» EXERCISE DIRECTIONS: Work out how many lines in the entries below include the word "blocks". Give nothing but the number.

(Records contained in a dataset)

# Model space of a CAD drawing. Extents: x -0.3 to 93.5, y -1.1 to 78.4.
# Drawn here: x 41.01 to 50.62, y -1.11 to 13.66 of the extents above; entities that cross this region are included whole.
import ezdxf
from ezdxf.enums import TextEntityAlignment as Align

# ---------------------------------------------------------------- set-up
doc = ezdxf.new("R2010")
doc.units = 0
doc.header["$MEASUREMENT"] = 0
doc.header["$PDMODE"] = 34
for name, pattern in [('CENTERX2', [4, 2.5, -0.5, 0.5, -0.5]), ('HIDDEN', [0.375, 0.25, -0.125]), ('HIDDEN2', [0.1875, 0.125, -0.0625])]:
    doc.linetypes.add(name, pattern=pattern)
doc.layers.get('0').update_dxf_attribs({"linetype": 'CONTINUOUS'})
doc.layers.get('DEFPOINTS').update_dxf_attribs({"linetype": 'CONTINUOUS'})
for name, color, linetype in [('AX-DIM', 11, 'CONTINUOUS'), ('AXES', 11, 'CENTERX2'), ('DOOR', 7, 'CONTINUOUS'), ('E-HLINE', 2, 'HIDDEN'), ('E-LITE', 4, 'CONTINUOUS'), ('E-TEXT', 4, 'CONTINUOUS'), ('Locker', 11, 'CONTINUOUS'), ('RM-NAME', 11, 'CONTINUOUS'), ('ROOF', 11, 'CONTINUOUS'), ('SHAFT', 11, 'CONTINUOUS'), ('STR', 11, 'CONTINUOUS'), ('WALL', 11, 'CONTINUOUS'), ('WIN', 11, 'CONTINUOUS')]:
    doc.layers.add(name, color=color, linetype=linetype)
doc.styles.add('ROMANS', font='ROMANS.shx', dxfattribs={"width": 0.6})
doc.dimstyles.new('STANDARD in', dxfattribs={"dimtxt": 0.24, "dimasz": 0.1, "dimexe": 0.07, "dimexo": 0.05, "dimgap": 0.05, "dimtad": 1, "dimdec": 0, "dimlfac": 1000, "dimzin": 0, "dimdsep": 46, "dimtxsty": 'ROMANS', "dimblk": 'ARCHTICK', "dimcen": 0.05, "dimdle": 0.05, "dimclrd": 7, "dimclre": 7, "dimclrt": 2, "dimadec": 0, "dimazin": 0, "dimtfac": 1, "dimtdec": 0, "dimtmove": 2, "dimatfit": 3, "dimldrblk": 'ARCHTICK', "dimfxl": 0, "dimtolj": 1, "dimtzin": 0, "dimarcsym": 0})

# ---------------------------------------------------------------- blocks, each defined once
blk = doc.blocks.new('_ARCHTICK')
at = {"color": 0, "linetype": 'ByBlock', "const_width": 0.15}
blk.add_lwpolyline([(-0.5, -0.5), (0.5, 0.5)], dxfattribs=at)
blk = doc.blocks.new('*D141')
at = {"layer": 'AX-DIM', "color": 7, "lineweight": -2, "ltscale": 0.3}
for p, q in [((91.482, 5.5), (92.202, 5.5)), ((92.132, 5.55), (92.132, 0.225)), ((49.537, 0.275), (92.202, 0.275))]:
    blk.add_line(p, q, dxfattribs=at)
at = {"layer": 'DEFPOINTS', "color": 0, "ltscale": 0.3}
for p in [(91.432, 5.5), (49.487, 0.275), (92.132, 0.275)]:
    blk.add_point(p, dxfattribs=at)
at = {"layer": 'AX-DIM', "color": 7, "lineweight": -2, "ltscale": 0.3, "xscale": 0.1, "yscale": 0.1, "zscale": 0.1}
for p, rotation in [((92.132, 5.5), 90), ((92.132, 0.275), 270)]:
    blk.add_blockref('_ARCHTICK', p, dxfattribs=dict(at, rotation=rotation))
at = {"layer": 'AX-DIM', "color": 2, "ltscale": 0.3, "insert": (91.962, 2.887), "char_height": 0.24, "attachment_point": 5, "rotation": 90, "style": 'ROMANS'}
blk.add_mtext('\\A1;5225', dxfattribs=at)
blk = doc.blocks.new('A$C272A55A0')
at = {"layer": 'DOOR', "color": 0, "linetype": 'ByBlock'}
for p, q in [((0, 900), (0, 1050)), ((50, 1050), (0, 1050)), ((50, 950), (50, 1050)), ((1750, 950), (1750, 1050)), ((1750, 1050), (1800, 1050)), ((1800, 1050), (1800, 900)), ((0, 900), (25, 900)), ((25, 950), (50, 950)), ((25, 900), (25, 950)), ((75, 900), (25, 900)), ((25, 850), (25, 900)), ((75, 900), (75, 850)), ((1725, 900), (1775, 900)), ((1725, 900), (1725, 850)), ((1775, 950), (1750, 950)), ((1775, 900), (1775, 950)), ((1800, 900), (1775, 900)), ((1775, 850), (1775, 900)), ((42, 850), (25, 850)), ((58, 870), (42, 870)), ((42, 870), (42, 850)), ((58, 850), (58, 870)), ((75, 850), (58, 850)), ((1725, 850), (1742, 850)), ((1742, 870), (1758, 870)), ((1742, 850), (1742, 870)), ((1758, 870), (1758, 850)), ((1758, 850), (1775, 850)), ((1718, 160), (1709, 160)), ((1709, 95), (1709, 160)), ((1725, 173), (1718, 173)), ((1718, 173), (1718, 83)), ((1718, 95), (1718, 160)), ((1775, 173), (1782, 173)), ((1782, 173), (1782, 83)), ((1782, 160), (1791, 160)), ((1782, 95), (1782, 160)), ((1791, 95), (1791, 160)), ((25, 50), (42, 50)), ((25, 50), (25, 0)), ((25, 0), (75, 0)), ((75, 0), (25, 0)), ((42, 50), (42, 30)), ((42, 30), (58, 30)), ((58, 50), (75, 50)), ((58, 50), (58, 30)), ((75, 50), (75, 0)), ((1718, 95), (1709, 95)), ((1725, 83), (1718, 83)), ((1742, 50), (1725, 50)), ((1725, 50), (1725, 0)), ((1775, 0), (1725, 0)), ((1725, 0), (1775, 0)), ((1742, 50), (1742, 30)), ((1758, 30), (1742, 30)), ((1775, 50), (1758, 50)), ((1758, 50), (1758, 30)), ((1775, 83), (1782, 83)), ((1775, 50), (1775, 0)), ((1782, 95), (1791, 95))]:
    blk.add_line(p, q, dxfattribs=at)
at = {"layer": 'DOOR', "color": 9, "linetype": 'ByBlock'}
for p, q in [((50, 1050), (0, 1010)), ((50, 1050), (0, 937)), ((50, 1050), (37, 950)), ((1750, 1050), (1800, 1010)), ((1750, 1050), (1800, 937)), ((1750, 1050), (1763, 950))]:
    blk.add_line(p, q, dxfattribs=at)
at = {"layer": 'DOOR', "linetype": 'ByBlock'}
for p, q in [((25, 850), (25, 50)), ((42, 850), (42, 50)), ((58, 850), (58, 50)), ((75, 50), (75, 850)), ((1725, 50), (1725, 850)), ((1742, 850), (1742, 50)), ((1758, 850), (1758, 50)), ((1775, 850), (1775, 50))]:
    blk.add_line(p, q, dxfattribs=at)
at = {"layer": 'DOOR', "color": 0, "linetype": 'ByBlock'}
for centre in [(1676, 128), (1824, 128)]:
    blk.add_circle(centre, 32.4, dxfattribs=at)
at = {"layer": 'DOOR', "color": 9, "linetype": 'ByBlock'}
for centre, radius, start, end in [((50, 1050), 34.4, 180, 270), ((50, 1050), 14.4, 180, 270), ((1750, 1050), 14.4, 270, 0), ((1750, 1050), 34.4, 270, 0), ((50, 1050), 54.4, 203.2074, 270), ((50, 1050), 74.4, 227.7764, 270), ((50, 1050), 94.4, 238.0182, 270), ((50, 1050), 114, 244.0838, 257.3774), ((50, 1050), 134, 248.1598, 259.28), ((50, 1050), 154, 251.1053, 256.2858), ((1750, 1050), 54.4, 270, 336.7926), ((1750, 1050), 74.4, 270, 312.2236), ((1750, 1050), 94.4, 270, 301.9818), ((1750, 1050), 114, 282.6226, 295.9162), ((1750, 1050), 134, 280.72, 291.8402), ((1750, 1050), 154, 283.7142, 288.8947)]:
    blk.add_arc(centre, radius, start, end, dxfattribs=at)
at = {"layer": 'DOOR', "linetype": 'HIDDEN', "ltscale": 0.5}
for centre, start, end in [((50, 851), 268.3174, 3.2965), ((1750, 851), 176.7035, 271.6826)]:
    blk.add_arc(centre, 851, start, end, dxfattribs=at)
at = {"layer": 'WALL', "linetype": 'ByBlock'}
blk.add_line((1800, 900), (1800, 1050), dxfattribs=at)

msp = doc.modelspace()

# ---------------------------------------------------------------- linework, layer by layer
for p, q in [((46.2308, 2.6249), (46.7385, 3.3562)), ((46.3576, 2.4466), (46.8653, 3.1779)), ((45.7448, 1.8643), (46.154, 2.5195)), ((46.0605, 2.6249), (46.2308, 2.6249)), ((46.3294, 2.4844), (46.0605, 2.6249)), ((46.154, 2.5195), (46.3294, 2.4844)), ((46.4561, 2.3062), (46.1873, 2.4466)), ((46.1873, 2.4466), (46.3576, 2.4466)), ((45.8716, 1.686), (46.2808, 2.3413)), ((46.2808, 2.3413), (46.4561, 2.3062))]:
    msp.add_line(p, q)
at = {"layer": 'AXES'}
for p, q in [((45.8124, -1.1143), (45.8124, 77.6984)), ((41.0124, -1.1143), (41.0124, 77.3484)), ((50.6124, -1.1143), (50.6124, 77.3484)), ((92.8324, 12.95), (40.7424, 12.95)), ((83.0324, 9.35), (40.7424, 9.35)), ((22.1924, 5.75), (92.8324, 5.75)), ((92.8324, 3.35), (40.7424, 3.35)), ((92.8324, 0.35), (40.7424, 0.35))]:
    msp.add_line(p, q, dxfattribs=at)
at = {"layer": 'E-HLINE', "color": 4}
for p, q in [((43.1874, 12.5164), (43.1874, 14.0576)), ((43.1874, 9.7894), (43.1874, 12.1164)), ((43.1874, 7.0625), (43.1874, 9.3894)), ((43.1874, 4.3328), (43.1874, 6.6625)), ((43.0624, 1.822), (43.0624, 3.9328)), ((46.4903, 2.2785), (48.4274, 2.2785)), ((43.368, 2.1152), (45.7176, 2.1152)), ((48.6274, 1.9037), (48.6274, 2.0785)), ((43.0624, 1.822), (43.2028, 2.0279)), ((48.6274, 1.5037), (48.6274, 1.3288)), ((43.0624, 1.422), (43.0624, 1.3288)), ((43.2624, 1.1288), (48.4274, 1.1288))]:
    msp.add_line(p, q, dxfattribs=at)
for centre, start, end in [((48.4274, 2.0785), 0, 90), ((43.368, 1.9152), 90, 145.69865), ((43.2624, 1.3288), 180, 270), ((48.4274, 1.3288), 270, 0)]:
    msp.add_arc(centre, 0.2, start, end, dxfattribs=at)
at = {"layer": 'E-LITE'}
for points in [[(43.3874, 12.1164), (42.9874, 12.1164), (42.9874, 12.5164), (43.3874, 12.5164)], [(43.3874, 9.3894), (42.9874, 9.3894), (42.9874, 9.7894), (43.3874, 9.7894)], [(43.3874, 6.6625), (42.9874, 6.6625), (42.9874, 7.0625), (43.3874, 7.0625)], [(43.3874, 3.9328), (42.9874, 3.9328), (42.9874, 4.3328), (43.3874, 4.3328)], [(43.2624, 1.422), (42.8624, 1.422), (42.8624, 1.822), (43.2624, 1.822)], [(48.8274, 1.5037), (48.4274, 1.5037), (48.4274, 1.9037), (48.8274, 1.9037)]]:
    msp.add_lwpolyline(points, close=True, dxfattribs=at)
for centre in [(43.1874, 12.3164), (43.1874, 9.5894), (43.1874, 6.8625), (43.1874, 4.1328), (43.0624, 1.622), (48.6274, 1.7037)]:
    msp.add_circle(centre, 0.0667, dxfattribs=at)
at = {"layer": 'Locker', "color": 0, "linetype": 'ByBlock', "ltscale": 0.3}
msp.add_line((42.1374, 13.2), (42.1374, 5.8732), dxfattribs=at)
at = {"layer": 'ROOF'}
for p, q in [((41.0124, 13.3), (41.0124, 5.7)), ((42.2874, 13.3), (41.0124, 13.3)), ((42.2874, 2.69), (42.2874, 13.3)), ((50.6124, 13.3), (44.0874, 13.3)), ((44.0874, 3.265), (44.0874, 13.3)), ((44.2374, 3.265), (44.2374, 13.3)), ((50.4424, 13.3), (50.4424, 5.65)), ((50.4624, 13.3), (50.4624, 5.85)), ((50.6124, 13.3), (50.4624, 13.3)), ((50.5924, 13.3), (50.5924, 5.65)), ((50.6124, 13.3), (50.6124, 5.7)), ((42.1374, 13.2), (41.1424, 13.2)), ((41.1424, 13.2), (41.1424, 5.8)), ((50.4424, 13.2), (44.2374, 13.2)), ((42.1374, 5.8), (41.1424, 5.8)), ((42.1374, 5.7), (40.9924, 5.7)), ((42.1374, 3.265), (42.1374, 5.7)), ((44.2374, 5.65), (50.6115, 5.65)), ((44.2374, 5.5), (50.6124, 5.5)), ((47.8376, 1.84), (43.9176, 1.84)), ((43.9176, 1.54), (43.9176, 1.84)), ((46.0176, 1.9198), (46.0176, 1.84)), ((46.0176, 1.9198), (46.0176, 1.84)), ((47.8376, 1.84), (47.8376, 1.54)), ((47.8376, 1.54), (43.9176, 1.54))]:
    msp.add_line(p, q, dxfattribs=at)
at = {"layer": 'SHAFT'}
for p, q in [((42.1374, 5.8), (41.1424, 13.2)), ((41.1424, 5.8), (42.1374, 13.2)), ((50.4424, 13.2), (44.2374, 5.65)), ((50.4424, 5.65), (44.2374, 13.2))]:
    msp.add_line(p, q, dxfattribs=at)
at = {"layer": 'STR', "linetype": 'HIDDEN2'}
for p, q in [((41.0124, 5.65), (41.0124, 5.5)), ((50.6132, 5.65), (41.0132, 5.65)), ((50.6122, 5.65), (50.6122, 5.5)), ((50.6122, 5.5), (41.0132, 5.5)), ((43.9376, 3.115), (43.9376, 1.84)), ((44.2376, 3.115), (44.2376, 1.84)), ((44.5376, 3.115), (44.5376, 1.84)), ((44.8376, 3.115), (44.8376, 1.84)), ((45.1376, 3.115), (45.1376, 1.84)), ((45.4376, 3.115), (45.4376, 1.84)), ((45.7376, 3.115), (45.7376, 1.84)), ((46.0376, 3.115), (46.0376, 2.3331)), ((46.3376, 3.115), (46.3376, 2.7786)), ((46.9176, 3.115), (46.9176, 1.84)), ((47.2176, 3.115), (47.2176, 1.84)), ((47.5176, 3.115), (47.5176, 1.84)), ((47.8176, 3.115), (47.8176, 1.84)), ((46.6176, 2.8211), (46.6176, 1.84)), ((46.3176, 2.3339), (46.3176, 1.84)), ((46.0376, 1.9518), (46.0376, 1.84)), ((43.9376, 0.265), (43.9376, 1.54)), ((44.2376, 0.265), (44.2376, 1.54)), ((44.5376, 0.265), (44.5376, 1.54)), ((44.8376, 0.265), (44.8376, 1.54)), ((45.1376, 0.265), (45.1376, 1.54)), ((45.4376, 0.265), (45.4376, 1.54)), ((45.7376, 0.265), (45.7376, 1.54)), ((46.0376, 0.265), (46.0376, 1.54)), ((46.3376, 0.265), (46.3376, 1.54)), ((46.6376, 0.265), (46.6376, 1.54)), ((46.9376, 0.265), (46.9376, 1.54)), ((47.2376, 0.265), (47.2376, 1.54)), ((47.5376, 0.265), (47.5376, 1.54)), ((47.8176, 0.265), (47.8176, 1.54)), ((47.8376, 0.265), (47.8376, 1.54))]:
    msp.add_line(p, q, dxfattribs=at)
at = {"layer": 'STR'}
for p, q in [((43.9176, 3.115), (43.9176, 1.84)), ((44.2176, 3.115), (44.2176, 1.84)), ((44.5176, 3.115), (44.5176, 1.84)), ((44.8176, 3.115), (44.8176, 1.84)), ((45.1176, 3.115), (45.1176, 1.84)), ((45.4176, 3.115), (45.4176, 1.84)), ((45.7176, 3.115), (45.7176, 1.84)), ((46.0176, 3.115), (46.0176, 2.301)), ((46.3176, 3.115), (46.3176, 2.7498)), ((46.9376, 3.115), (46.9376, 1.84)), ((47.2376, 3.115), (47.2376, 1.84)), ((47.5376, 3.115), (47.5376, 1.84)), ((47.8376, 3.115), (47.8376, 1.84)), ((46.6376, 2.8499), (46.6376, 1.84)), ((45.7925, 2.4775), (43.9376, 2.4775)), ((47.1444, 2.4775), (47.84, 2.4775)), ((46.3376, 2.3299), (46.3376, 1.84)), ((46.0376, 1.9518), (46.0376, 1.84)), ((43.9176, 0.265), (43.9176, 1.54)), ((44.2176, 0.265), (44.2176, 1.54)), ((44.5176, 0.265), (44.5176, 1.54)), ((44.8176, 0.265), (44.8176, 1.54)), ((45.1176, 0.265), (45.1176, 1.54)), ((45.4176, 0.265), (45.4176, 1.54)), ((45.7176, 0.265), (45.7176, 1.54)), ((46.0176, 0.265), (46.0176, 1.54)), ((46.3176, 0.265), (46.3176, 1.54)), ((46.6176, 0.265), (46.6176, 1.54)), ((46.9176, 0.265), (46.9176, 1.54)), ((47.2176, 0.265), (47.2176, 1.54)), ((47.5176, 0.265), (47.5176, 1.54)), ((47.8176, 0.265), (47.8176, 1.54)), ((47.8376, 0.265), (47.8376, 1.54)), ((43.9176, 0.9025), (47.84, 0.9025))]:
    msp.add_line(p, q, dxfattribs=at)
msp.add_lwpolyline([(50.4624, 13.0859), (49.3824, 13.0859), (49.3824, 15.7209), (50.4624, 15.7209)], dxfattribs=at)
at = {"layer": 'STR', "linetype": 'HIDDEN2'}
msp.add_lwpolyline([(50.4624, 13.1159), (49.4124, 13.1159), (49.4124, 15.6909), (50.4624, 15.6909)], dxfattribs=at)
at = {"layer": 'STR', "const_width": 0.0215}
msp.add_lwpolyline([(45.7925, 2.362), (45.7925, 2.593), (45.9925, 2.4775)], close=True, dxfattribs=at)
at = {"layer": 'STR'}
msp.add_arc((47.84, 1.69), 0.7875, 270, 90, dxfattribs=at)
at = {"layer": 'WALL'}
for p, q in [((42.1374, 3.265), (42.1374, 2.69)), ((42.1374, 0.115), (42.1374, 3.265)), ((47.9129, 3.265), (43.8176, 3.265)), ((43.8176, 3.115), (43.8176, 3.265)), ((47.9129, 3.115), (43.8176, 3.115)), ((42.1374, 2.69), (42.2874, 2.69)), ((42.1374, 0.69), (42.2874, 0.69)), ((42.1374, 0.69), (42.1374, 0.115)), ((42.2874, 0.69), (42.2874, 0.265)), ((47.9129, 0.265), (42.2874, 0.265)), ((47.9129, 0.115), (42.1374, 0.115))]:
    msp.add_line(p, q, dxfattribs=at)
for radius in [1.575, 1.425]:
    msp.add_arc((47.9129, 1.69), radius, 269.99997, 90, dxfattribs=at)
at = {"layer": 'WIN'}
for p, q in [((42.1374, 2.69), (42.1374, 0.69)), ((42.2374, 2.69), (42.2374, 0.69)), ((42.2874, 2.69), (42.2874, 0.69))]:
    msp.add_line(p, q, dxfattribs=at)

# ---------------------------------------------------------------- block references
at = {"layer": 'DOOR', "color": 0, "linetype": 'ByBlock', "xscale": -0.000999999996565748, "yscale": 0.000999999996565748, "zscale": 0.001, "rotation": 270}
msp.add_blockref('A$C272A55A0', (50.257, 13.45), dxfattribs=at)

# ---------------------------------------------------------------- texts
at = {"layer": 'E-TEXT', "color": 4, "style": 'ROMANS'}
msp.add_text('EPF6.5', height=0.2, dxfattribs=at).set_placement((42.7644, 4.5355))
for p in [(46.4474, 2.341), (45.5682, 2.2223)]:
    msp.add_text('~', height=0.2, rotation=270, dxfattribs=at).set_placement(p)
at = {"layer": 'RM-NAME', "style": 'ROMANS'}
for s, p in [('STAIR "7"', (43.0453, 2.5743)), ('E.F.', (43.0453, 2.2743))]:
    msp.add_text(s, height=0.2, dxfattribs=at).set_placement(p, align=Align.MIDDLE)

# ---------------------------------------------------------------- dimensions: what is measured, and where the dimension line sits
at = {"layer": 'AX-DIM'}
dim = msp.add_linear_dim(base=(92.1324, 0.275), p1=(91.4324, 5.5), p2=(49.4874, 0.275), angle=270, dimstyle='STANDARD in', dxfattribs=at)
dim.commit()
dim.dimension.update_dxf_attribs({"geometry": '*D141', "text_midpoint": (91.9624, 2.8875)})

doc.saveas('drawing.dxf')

» YOUR SOLUTION: 4